WORK TASK: For the word "clear", state how many lines of the listing below contain it. Give the number and nothing more.

DATA RECORDS:
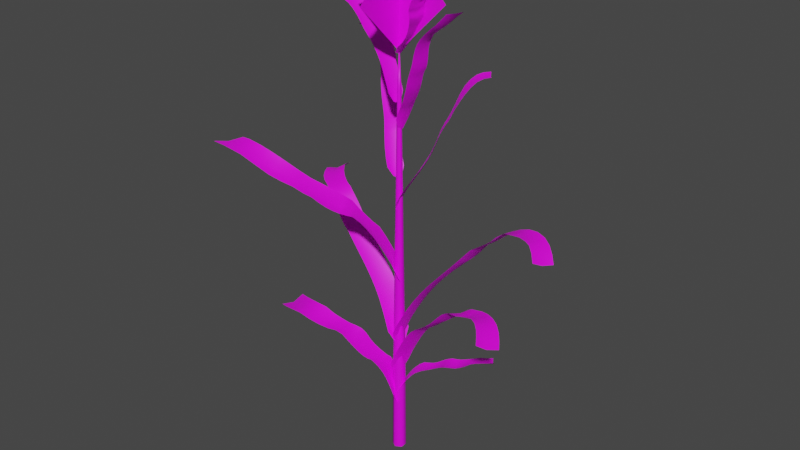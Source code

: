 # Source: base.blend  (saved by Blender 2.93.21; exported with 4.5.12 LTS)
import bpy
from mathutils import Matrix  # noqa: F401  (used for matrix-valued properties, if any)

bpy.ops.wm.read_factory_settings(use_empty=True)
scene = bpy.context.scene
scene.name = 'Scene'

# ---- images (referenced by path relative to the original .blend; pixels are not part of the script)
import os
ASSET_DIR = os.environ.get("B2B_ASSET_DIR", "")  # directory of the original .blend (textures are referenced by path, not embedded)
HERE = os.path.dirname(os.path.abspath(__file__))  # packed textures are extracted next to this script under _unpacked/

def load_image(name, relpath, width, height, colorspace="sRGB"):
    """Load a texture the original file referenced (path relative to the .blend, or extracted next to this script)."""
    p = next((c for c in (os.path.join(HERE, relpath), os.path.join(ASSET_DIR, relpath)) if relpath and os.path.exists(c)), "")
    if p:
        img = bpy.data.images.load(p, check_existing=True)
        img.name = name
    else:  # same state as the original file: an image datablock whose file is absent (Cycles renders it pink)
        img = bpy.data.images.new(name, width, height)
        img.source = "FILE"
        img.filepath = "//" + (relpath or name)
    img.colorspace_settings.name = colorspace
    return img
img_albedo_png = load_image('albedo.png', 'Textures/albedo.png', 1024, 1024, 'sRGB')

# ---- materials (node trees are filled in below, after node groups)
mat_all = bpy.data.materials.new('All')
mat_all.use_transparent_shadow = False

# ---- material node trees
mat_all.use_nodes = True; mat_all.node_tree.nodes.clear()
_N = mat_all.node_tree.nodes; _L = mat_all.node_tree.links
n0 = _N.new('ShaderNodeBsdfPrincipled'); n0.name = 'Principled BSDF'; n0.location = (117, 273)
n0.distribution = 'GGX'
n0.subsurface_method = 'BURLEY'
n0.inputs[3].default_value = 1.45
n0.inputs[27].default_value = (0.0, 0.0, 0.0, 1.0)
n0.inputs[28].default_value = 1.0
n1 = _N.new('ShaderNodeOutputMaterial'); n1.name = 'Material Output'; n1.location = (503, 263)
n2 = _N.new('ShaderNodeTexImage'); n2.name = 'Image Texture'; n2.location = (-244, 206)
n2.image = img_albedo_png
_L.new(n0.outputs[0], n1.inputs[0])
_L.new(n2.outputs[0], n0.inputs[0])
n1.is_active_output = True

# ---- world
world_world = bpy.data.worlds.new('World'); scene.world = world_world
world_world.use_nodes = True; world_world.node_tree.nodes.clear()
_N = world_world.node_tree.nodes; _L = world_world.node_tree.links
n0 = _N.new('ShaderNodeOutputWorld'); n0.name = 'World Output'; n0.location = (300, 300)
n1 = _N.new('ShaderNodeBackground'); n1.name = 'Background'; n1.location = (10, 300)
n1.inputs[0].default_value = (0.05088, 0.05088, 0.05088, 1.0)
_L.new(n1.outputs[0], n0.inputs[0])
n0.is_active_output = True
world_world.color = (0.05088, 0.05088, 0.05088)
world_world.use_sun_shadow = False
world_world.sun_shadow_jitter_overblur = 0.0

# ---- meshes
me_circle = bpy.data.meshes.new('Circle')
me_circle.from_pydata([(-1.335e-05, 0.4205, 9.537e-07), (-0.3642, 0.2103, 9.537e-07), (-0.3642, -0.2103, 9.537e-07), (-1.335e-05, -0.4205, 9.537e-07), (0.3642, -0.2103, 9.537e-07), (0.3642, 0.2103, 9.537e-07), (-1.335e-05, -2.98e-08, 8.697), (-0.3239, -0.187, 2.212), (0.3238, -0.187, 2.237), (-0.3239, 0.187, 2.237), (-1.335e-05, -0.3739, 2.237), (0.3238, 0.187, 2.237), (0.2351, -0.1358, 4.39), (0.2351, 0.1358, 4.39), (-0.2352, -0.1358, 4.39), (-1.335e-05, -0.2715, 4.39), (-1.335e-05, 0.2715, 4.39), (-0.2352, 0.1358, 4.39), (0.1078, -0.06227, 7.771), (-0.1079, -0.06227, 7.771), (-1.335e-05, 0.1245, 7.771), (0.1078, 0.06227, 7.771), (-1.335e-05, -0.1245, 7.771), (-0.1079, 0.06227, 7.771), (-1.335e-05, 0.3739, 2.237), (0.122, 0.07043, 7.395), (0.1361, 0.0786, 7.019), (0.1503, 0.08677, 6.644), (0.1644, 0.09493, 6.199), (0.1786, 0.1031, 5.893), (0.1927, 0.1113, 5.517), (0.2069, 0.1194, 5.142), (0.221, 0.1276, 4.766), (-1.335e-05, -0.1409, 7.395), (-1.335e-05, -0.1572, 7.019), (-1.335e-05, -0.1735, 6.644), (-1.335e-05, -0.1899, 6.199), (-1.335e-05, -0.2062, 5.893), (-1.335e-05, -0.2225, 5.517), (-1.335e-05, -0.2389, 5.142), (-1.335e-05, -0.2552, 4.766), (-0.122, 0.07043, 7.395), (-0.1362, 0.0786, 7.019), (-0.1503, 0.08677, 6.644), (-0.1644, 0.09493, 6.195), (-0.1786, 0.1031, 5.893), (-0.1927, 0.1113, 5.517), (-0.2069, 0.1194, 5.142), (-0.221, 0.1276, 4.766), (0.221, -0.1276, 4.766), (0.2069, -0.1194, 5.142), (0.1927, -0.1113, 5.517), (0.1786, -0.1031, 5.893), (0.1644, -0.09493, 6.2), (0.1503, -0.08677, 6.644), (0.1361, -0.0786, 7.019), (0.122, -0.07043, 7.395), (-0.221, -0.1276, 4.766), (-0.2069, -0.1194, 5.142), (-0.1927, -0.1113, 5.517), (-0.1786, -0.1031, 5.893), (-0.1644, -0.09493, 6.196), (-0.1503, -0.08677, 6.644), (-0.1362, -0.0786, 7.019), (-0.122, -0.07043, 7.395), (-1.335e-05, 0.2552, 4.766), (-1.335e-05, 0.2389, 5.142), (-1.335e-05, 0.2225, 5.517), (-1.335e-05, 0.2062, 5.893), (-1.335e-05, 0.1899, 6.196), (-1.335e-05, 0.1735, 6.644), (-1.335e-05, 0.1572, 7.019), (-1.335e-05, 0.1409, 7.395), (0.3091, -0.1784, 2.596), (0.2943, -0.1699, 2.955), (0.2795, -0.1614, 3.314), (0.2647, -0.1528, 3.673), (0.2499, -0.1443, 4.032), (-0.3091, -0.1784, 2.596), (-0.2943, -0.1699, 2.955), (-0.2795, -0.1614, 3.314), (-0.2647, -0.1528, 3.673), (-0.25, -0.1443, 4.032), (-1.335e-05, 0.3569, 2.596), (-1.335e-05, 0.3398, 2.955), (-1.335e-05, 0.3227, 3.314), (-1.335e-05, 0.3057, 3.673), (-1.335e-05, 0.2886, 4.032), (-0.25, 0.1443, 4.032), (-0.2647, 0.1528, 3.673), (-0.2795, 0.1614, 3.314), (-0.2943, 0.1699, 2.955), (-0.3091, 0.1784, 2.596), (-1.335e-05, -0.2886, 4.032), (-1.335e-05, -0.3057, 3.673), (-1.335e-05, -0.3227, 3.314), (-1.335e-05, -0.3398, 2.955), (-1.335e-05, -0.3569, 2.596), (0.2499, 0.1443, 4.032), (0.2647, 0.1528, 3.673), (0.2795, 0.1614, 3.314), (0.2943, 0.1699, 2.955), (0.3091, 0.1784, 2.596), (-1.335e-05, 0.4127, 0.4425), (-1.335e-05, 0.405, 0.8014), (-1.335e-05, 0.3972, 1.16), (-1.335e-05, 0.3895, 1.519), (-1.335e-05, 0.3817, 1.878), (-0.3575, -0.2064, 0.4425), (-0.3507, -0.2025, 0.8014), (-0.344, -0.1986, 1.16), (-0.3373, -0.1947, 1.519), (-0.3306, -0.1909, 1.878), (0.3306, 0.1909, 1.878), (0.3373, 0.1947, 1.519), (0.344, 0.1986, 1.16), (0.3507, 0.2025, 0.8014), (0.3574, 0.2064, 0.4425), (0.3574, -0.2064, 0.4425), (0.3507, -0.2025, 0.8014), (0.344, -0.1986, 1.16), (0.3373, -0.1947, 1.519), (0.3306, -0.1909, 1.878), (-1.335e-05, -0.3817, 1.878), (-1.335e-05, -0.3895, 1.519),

TASK OUTPUT: 2